Les COP se suivent et se ressemblent

Depuis 1970, la moitié des réserves marines a été perdue.

Jean-Marie Harribey  • 14 décembre 2016 abonné·es
Les COP se suivent et se ressemblent
© Franco Banfi / Biosphoto / AFP

À peine la COP 22 sur le réchauffement climatique s’est-elle achevée à Marrakech, sans avancée notable, que s’est ouverte à Cancún (Mexique), du 4 au 17 décembre, la 13e Conférence des 196 parties de la Convention sur la diversité biologique (COP 13 sur la CDB). En effet, au Sommet de la Terre de 1992, à Rio de Janeiro, fut adoptée une Convention sur la diversité biologique fixant trois objectifs : la conservation de la biodiversité, son utilisation durable et son partage juste. Sa mise en application suit les procédures habituelles du Programme des Nations unies pour l’environnement. Ainsi, lors de la COP 10-CDB qui eut lieu à Nagoya (Japon) en 2010, furent précisés les « objectifs d’Aichi » dans un Plan stratégique pour la diversité biologique 2011-2020.

Le rapport 2015 du WWF intitulé Planète vivante océans pointe le déclin de ces derniers, qui met en péril la sécurité alimentaire de l’humanité. Globalement, les stocks de poissons et de mammifères marins diminuent. De 1970 à 2012, sur 5 829 populations appartenant à 1 234 espèces, la moitié des réserves a été perdue, et même les trois quarts pour certaines espèces (thon, maquereau et bonite). Disparaissent aussi les récifs coralliens, les mangroves et les herbiers marins qui abritent les espèces animales ou qui épurent les eaux. En outre, le dioxyde de carbone, principal responsable du réchauffement climatique, accentue l’acidité des océans, aggravant les conséquences de la surexploitation des ressources halieutiques.
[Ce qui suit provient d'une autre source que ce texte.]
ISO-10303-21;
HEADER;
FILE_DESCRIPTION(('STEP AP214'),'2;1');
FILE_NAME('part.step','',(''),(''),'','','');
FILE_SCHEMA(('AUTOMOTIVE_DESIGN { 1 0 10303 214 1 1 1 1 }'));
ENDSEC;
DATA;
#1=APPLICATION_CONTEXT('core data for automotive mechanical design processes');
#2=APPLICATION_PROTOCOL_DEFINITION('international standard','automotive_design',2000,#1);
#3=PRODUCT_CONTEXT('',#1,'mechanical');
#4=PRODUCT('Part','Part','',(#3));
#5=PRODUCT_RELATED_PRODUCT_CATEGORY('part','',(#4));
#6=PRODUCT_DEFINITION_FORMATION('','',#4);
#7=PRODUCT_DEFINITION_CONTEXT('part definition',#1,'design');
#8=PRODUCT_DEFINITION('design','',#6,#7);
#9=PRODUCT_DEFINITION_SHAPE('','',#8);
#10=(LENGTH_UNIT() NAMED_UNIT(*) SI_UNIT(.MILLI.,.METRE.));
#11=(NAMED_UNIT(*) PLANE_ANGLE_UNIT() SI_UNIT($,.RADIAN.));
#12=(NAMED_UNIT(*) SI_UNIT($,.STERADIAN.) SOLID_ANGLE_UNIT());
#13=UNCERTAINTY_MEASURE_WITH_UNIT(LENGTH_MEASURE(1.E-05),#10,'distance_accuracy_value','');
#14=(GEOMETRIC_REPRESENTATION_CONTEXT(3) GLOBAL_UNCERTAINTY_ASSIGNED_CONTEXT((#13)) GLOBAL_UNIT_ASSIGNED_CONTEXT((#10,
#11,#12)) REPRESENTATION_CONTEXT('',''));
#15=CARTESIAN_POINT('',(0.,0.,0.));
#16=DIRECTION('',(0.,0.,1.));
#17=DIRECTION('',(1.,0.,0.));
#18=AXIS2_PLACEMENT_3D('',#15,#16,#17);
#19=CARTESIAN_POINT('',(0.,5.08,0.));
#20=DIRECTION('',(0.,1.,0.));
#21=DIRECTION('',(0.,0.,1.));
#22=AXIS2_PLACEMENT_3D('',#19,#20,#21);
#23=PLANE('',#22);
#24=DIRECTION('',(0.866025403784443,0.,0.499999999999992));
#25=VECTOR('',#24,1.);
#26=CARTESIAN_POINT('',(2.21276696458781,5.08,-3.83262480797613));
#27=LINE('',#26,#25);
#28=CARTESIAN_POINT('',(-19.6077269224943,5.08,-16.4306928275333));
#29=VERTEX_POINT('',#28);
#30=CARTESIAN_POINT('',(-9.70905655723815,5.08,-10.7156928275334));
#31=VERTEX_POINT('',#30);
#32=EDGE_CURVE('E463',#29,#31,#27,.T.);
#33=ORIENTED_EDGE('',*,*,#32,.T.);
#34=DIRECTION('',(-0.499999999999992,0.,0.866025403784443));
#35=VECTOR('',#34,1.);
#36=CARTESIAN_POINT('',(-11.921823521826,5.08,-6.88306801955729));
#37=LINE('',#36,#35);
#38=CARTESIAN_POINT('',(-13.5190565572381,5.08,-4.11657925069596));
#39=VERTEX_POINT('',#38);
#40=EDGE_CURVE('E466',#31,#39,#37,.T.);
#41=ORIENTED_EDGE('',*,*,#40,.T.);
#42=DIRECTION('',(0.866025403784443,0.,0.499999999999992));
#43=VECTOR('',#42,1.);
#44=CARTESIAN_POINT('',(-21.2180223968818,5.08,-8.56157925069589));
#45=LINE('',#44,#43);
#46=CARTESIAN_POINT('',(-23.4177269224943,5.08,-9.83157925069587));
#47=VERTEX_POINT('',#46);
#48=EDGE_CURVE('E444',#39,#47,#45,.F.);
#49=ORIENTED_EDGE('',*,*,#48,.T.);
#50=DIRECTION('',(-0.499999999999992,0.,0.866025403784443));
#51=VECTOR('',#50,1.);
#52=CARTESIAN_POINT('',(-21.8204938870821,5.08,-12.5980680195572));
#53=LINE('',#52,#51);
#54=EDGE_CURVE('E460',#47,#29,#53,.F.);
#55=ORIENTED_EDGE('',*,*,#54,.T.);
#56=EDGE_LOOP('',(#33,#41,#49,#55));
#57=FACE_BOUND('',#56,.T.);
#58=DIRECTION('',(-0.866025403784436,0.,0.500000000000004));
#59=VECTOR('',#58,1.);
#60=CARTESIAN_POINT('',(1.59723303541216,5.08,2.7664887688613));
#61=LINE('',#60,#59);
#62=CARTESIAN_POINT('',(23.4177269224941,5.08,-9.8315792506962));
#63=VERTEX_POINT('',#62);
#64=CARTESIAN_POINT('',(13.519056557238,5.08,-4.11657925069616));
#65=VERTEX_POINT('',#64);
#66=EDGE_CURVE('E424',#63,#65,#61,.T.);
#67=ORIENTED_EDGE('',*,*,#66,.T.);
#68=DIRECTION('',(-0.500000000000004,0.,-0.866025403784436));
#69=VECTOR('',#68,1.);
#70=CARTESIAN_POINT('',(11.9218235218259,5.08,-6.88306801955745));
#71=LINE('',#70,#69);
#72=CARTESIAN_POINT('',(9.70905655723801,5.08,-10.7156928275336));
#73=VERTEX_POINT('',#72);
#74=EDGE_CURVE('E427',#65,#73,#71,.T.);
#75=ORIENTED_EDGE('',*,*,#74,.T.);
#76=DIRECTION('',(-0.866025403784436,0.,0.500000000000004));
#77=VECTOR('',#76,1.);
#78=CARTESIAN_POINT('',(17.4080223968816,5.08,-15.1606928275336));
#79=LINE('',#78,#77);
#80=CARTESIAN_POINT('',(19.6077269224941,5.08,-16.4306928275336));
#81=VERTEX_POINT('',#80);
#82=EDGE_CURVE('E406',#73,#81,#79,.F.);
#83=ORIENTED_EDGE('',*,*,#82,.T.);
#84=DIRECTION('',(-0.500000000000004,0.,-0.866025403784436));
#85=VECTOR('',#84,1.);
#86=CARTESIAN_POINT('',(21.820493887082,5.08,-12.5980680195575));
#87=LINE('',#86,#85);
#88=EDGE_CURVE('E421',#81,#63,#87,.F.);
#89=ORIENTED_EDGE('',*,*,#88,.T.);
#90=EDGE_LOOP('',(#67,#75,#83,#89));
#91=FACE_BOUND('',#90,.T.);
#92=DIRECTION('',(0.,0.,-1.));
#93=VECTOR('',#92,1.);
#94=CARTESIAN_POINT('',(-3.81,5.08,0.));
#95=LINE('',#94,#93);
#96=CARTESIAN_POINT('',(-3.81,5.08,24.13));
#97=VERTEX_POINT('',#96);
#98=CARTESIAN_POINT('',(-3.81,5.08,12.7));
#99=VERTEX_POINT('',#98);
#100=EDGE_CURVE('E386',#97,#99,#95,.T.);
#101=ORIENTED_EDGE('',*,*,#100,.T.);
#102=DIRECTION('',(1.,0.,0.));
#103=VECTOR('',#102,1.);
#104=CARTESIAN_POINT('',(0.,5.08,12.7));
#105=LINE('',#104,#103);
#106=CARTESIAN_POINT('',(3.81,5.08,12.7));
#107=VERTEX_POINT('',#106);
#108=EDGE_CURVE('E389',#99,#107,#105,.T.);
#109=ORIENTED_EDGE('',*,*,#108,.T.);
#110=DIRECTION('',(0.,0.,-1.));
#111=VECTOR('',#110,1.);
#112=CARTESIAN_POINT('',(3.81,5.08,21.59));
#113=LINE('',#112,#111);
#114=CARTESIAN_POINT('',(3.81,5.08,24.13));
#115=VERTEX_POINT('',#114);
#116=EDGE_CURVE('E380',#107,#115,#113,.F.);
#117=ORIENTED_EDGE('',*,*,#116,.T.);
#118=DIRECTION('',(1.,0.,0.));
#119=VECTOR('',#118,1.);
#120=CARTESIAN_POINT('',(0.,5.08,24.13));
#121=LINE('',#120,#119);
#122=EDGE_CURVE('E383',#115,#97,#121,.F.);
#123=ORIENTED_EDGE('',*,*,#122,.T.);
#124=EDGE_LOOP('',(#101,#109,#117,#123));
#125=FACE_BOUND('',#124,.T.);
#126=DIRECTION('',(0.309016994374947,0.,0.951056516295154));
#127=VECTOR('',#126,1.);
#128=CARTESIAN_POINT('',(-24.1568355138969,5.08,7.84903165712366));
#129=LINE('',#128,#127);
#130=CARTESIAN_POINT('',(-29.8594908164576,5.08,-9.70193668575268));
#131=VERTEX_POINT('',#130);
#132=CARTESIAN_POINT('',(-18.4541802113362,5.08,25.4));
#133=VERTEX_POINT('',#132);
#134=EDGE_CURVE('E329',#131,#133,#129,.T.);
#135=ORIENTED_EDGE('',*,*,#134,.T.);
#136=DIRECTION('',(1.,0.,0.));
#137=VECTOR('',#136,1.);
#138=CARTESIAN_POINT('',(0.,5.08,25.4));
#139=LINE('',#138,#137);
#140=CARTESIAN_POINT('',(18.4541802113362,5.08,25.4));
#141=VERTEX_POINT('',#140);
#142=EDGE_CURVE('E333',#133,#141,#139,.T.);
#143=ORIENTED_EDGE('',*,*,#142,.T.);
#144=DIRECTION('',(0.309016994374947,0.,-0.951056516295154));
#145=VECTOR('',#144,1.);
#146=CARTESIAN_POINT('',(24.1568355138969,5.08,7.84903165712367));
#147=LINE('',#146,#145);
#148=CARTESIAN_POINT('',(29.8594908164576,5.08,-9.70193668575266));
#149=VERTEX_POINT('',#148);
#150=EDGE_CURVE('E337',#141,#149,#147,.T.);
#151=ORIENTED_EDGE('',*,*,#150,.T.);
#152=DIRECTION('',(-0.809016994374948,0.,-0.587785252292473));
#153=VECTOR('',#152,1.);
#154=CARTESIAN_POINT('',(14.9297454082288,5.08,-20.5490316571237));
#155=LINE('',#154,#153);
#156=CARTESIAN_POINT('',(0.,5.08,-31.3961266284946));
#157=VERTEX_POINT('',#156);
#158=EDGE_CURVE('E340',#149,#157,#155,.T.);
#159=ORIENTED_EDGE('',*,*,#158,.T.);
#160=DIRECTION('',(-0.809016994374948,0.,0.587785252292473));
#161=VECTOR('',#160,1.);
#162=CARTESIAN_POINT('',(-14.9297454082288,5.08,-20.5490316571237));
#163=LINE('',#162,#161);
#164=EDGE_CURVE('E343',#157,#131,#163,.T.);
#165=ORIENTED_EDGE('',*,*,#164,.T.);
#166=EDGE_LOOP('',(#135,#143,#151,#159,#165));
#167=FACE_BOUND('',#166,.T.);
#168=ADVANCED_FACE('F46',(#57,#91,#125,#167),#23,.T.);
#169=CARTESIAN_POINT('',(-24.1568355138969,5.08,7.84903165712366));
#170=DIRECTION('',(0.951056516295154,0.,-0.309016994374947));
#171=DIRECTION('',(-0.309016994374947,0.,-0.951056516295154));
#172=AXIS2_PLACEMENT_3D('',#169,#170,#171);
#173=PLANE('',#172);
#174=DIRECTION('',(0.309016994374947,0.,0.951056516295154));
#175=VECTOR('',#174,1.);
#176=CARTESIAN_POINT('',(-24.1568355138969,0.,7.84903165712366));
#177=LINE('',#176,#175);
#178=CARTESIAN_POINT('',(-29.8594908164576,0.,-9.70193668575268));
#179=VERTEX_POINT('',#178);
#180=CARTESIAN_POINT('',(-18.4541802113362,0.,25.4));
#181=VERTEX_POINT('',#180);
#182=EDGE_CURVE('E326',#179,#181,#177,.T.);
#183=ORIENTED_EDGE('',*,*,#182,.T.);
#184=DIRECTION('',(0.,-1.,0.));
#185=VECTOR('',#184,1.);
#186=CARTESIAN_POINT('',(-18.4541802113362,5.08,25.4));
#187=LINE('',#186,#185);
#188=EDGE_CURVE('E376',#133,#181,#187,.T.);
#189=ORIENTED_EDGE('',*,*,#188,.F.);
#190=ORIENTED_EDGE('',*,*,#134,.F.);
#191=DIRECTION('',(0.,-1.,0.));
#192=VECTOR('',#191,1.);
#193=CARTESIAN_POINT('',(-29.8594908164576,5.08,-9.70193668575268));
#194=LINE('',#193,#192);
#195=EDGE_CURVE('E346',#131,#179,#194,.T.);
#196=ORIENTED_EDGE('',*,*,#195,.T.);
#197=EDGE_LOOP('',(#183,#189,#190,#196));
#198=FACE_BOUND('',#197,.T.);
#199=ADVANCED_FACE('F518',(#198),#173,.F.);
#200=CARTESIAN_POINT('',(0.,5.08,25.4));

Globalement, la biodiversité terrestre et maritime se dégrade : la moitié des vertébrés ont disparu en quarante ans, bientôt les deux tiers.

L’enjeu officiel de la conférence de Cancún est appelé « intégration ». Il ne s’agit plus d’agir en faveur de la biodiversité seulement dans le cadre de politiques isolées dites environnementales, mais d’intégrer l’action dans l’ensemble des politiques concernant tous les secteurs de l’économie : agriculture, forêts, pêche, industrie, tourisme, etc., et aussi dans les politiques transversales comme la lutte contre le réchauffement climatique ou celle contre la pauvreté.

Dans un contexte où les pays riches se révèlent les moins prompts à agir, la COP 13 est-elle à la hauteur de la situation ? L’idée de faire pénétrer le souci de la biodiversité dans l’ensemble des politiques au lieu de le cantonner aux aires protégées est bonne. De même, la mobilisation de tous les acteurs de l’économie autour de cet objectif est nécessaire. Mais, sans régulations inter-étatiques fortes, le risque est de diluer les actions dans des partenariats privé-public, dont le but est de rentabiliser de nouvelles filières de production, ou bien d’abandonner la protection aux mains de la finance, très imaginative en matière de titres financiers censés offrir une compensation aux destructions, compensation explicitement prévue dans la loi française du 8 août 2016 sur la biodiversité. Et, à l’inverse des préconisations d’Aichi, se profile l’idée que les « aires marines protégées » seront un « bon investissement pour la santé des océans [^1] », au terme d’un calcul coûts/bénéfices où le taux de rentabilité économique de ces aires atteindrait 24 %. Chassez le… naturel du capitalisme, il revient au galop.